▶ [What you have to do]
Each line holding the string "diagram" is to be copied from the data.

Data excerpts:
::::::

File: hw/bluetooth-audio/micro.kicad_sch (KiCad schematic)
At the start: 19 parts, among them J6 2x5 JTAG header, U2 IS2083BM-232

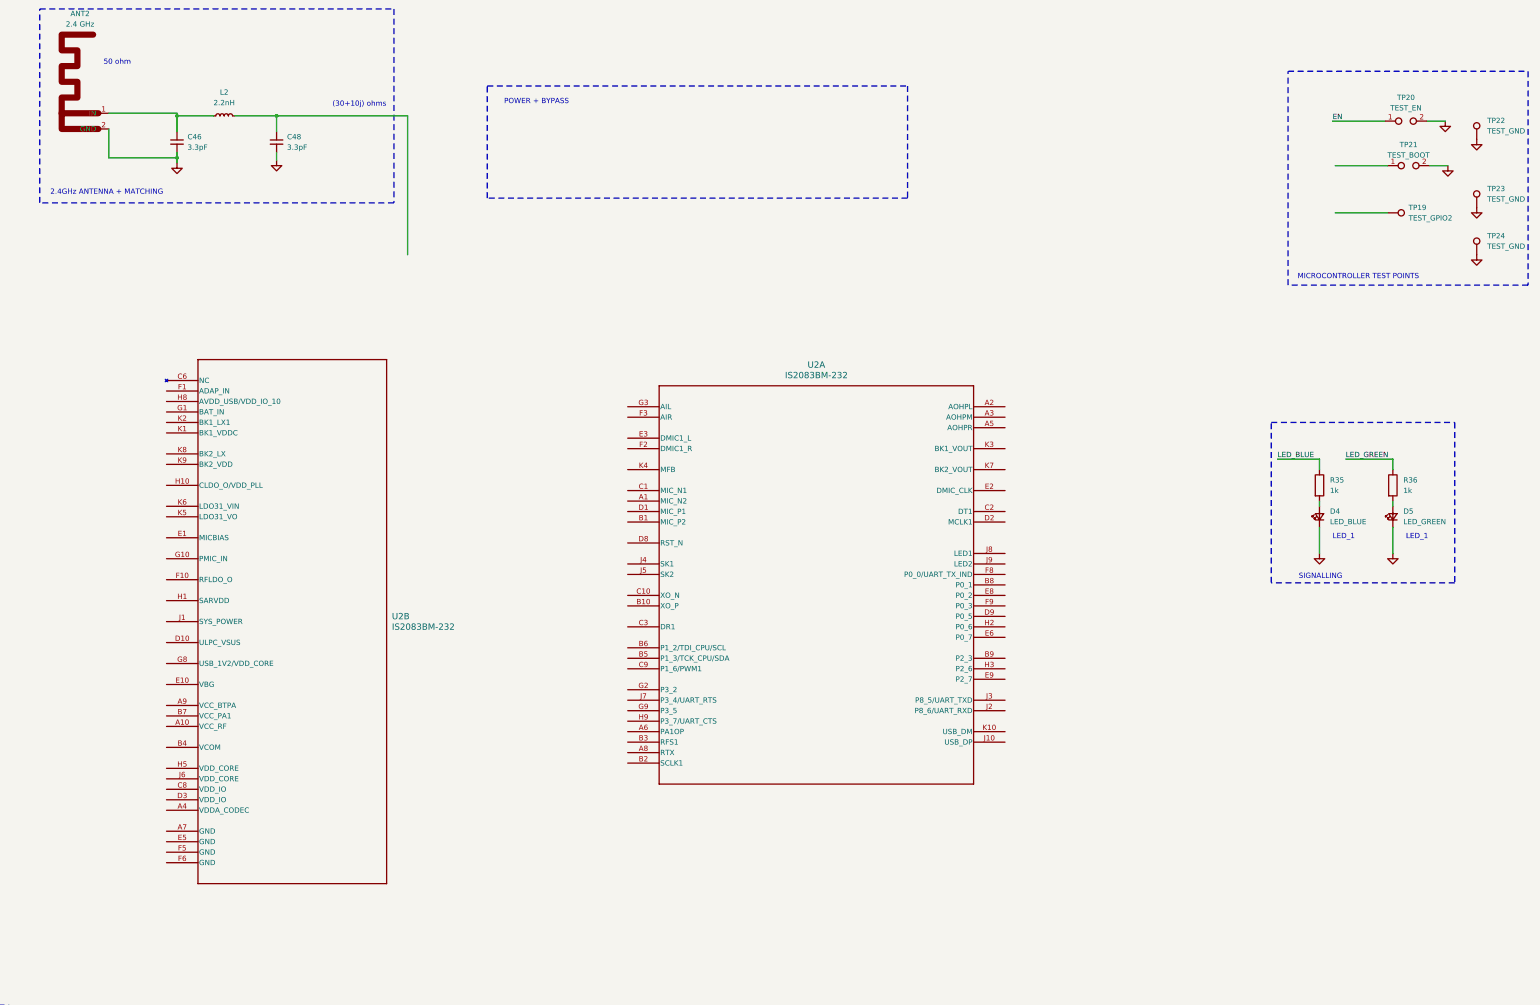
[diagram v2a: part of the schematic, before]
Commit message: All decoupling caps and labels on IS2083
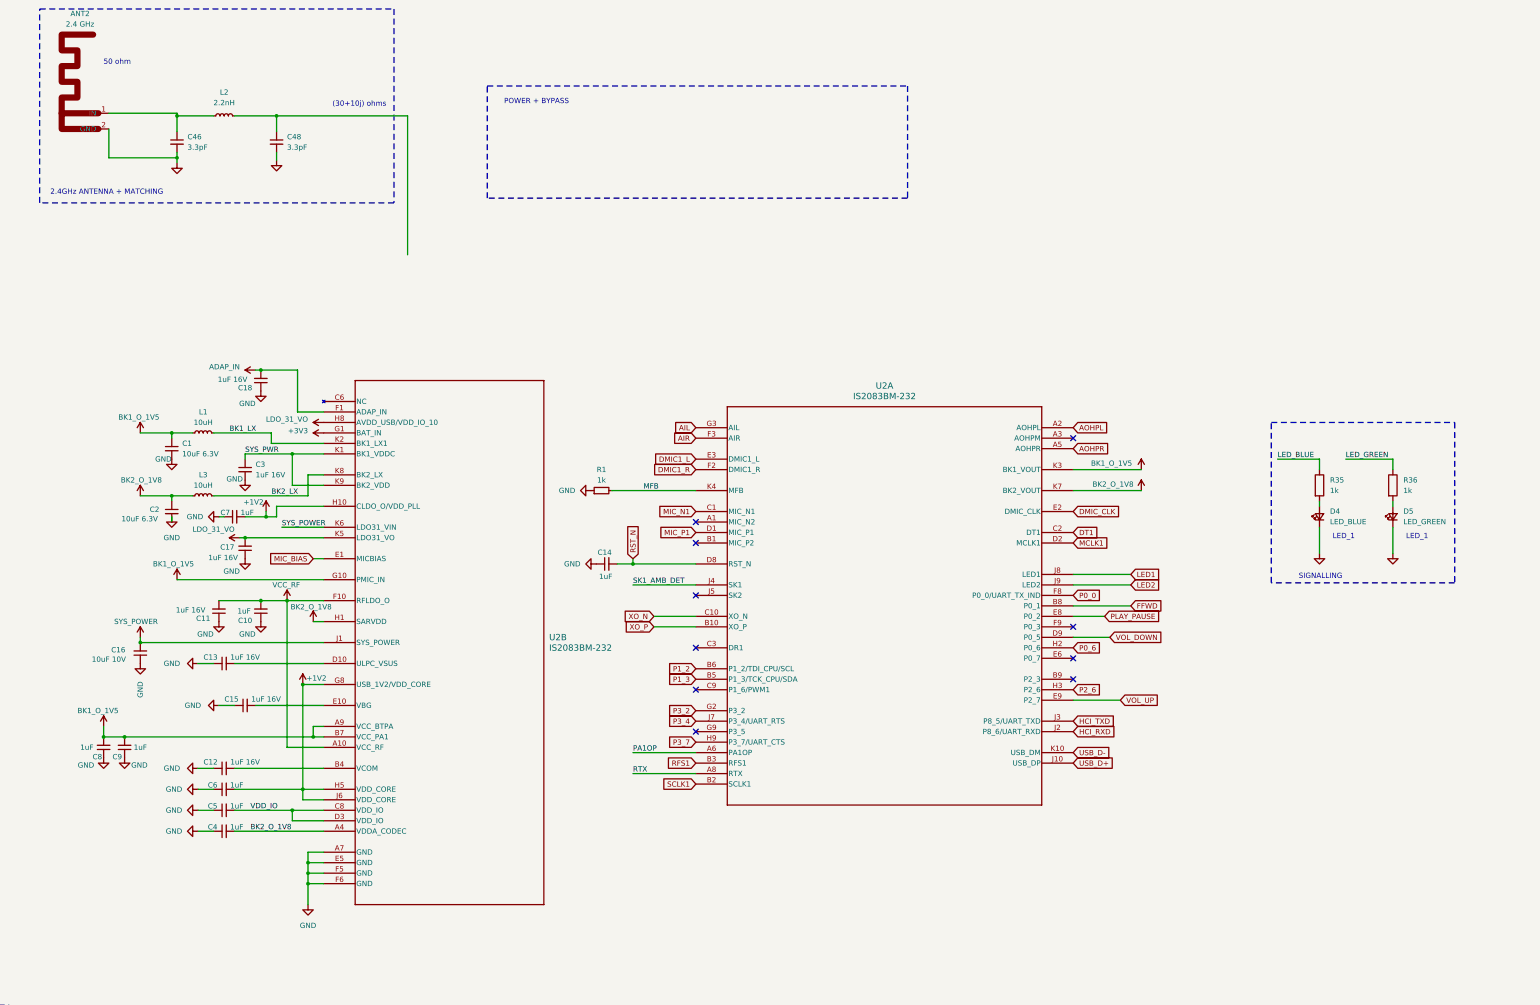
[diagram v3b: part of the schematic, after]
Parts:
- removed TP19: TEST_GPIO2, TestPoint:TestPoint_Pad_D1.0mm, symbol Connector:TestPoint
- removed TP20: TEST_EN, custom_footprints:TestPoint_Pad_2x1_D1.0mm, symbol Connector:TestPoint_2Pole
- removed TP21: TEST_BOOT, custom_footprints:TestPoint_Pad_2x1_D1.0mm, symbol Connector:TestPoint_2Pole
- removed TP22, TP23, TP24: TEST_GND, TestPoint:TestPoint_Pad_D1.0mm, symbol Connector:TestPoint
- added C1, C2: 10uF 6.3V, Capacitor_SMD:C_0603_1608Metric, symbol Device:C_Small
- added C10, C14, C4, C5, C6, C7, C8, C9: 1uF, Capacitor_SMD:C_0402_1005Metric, symbol Device:C_Small
- added C11, C12, C13, C15, C17, C18: 1uF 16V, Capacitor_SMD:C_0603_1608Metric, symbol Device:C_Small
- added C16: 10uF 10V, Capacitor_SMD:C_0603_1608Metric, symbol Device:C_Small
- added C3: 1uF 16V, Capacitor_SMD:C_0402_1005Metric, symbol Device:C_Small
- added L1, L3: 10uH, Inductor_SMD:L_0805_2012Metric, symbol Device:L_Small
- added R1: 1k, Resistor_SMD:R_0402_1005Metric, symbol Device:R_Small
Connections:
- net +3V3: now also U2.G1 (BAT_IN)
- net GND: now also U2.A7 (GND), U2.E5 (GND), U2.F5 (GND), U2.F6 (GND), C1.2, C10.1, C11.1, C12.1, C13.1, C14.1, C15.1, C16.1, C17.1, C18.1, C2.2, C3.2, C4.1, C5.1, C6.1, C7.1, C8.1, C9.1, R1.1
- net AOHPL: now reaches U2.A2 (AOHPL)
- net AOHPR: now reaches U2.A5 (AOHPR)
- net PA1OP: now reaches U2.A6 (PA1OP)
- net RTX: now reaches U2.A8 (RTX)
- net XO_P: now reaches U2.B10 (XO_P)
- net SCLK1: now reaches U2.B2 (SCLK1)
- net RFS1: now reaches U2.B3 (RFS1)
- net P1_3: now reaches U2.B5 (P1_3/TCK_CPU/SDA)
- net P1_2: now reaches U2.B6 (P1_2/TDI_CPU/SCL)
- net FFWD: now reaches U2.B8 (P0_1)
- net MIC_N1: now reaches U2.C1 (MIC_N1)
- net XO_N: now reaches U2.C10 (XO_N)
- net DT1: now reaches U2.C2 (DT1)
- net MIC_P1: now reaches U2.D1 (MIC_P1)
- net MCLK1: now reaches U2.D2 (MCLK1)
- net RST_N: now reaches U2.D8 (RST_N)
- net RST_N: now also C14.2
- net VOL_DOWN: now reaches U2.D9 (P0_5)
- net DMIC_CLK: now reaches U2.E2 (DMIC_CLK)
- net DMIC1_L: now reaches U2.E3 (DMIC1_L)
- net PLAY_PAUSE: now reaches U2.E8 (P0_2)
- net VOL_UP: now reaches U2.E9 (P2_7)
- net DMIC1_R: now reaches U2.F2 (DMIC1_R)
- net AIR: now reaches U2.F3 (AIR)
- net P0_0: now reaches U2.F8 (P0_0/UART_TX_IND)
- net P3_2: now reaches U2.G2 (P3_2)
- net AIL: now reaches U2.G3 (AIL)
- net P0_6: now reaches U2.H2 (P0_6)
- net P2_6: now reaches U2.H3 (P2_6)
- net P3_7: now reaches U2.H9 (P3_7/UART_CTS)
- net USB_D+: now reaches U2.J10 (USB_DP)
- net HCI_RXD: now reaches U2.J2 (P8_6/UART_RXD)
- net HCI_TXD: now reaches U2.J3 (P8_5/UART_TXD)
- net SK1_AMB_DET: now reaches U2.J4 (SK1)
- net P3_4: now reaches U2.J7 (P3_4/UART_RTS)
- net LED1: now reaches U2.J8 (LED1)
- net LED2: now reaches U2.J9 (LED2)
- net USB_D-: now reaches U2.K10 (USB_DM)
- net BK1_O_1V5: now reaches U2.K3 (BK1_VOUT)
- net BK1_O_1V5: now also U2.A9 (VCC_BTPA), U2.B7 (VCC_PA1), U2.G10 (PMIC_IN), C1.1, C8.2, C9.2, L1.1
- net MFB: now reaches U2.K4 (MFB)
- net MFB: now also R1.2
- net BK2_O_1V8: now reaches U2.K7 (BK2_VOUT)
- net BK2_O_1V8: now also U2.A4 (VDDA_CODEC), U2.H1 (SARVDD), C2.1, C4.2, L3.1
- net VCC_RF: now reaches U2.A10 (VCC_RF)
- net VCC_RF: now also U2.F10 (RFLDO_O), C10.2, C11.2
- net at U2.B4 (VCOM): now also C12.2
- net VDD_IO: now reaches U2.C8 (VDD_IO)
- net VDD_IO: now also U2.D3 (VDD_IO), C5.2
- net at U2.D10 (ULPC_VSUS): now also C13.2
- net MIC_BIAS: now reaches U2.E1 (MICBIAS)
- net at U2.E10 (VBG): now also C15.2
- net ADAP_IN: now reaches U2.F1 (ADAP_IN)
- net ADAP_IN: now also C18.2
- net +1V2: now reaches U2.G8 (USB_1V2/VDD_CORE)
- net +1V2: now also U2.H10 (CLDO_O/VDD_PLL), U2.H5 (VDD_CORE), U2.J6 (VDD_CORE), C6.2, C7.2
- net LDO_31_VO: now reaches U2.H8 (AVDD_USB/VDD_IO_10)
- net LDO_31_VO: now also U2.K5 (LDO31_VO), C17.2
- net SYS_POWER: now reaches U2.J1 (SYS_POWER)
- net SYS_POWER: now also U2.K6 (LDO31_VIN), C16.2
- net SYS_PWR: now reaches U2.K1 (BK1_VDDC)
- net SYS_PWR: now also U2.K9 (BK2_VDD), C3.1
- net BK1_LX: now reaches U2.K2 (BK1_LX1)
- net BK1_LX: now also L1.2
- net BK2_LX: now reaches U2.K8 (BK2_LX)
- net BK2_LX: now also L3.2
- no-connect marks 1 -> 11
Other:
- note removed: "MICROCONTROLLER TEST POINTS"
- moved on the sheet: U2A, U2B

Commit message: TODO diff
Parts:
- removed D5: LED_GREEN, LED_SMD:LED_0805_2012Metric, symbol Device:LED_Small
- removed R35, R36: 1k, Resistor_SMD:R_0402_1005Metric, symbol Device:R
- added C21: 100nF, Capacitor_SMD:C_0402_1005Metric, symbol Device:C_Small
- added C22, C23: 10pF, Capacitor_SMD:C_0402_1005Metric, symbol Device:C_Small
- added D6: LED_GREEN, LED_SMD:LED_0805_2012Metric, symbol Device:LED_Small
- added R7: 0R, Resistor_SMD:R_0402_1005Metric, symbol Device:R
- added Y1: TSX-3225 16.0000MF18X-AC0, Crystal:Crystal_SMD_SeikoEpson_TSX3225-4Pin_3.2x2.5mm, symbol Device:Crystal_GND24
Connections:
- net GND: now also C21.1, C22.1, C23.1, Y1.2, Y1.4; no longer D4.1 (K)
- net LDO_31_VO: now also R7.1
- net LED1: now also D4.1 (K)
- net LED2: now also D6.1 (K)
- net SYS_POWER: now also D4.2 (A), C21.2, D6.2 (A)
- net VDD_IO: now also R7.2
- net XO_N: now also C23.2, Y1.3
- net XO_P: now also C22.2, Y1.1
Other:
- note added: "1.28V RF LDO output"
- note added: "1.2V ULPC PWR out max 1mA"
- note added: "1.2V core PWR input"
- note added: "1V5 Buck FB path"
- note added: "1V8 Buck FB path"
- note added: "1V8?? PWR in for internal blocks"
- note added: "3V LDO input"
- note added: "3V LDO output for VDD_IO power"
- note added: "5V input for battery charging"
- note added: "AUX JACK DETECT"
- note added: "Bandgap output ref"
- note added: "Codec PWR in (1.8V)"
- note added: "Codec biasing voltage Connect 4u7 F to gnd"
- note added: "Core 1V2 LDO output"
- note added: "Core 1V2 PWR input"
- note added: "EXT AUDIO AMP EN"
- note added: "FWD"
- note added: "I/O PWR supply input (Connect to LDO31_VO)"
- note added: "Input PWR from battery"
- note added: "JTAG EMUC CPU"
- note added: "JTAG EMUD CPU"
- note added: "MFB/PWR"
- note added: "Microphone bias voltage"
- note added: "PAIRING"
- note added: "PLAY/PAUSE"
- note added: "PWR (1.28V) for RF synth, RX/TX"
- note added: "PWR for MPA"
- note added: "PWR for RF amp"
- note added: "PWR input for 1V5 buck"
- note added: "PWR input for 1V8 buck"
- note added: "Pwr for USB peripheral (from LDO)"
- note added: "REV"
- note added: "SAR ADC 1V8 input"
- note added: "System PWR output (from ADAP_IN / BAT_IN)"
- note added: "VOL+"
- note added: "VOL-"
- note removed: "LED_1"
- note removed: "SIGNALLING"
- moved on the sheet: C1, C10, C11, C12, C13, C14, C15, C16, C17, C18, C2, C3

::::::

▶ [Reply to the task]
[diagram v2a: part of the schematic, before]
[diagram v3b: part of the schematic, after]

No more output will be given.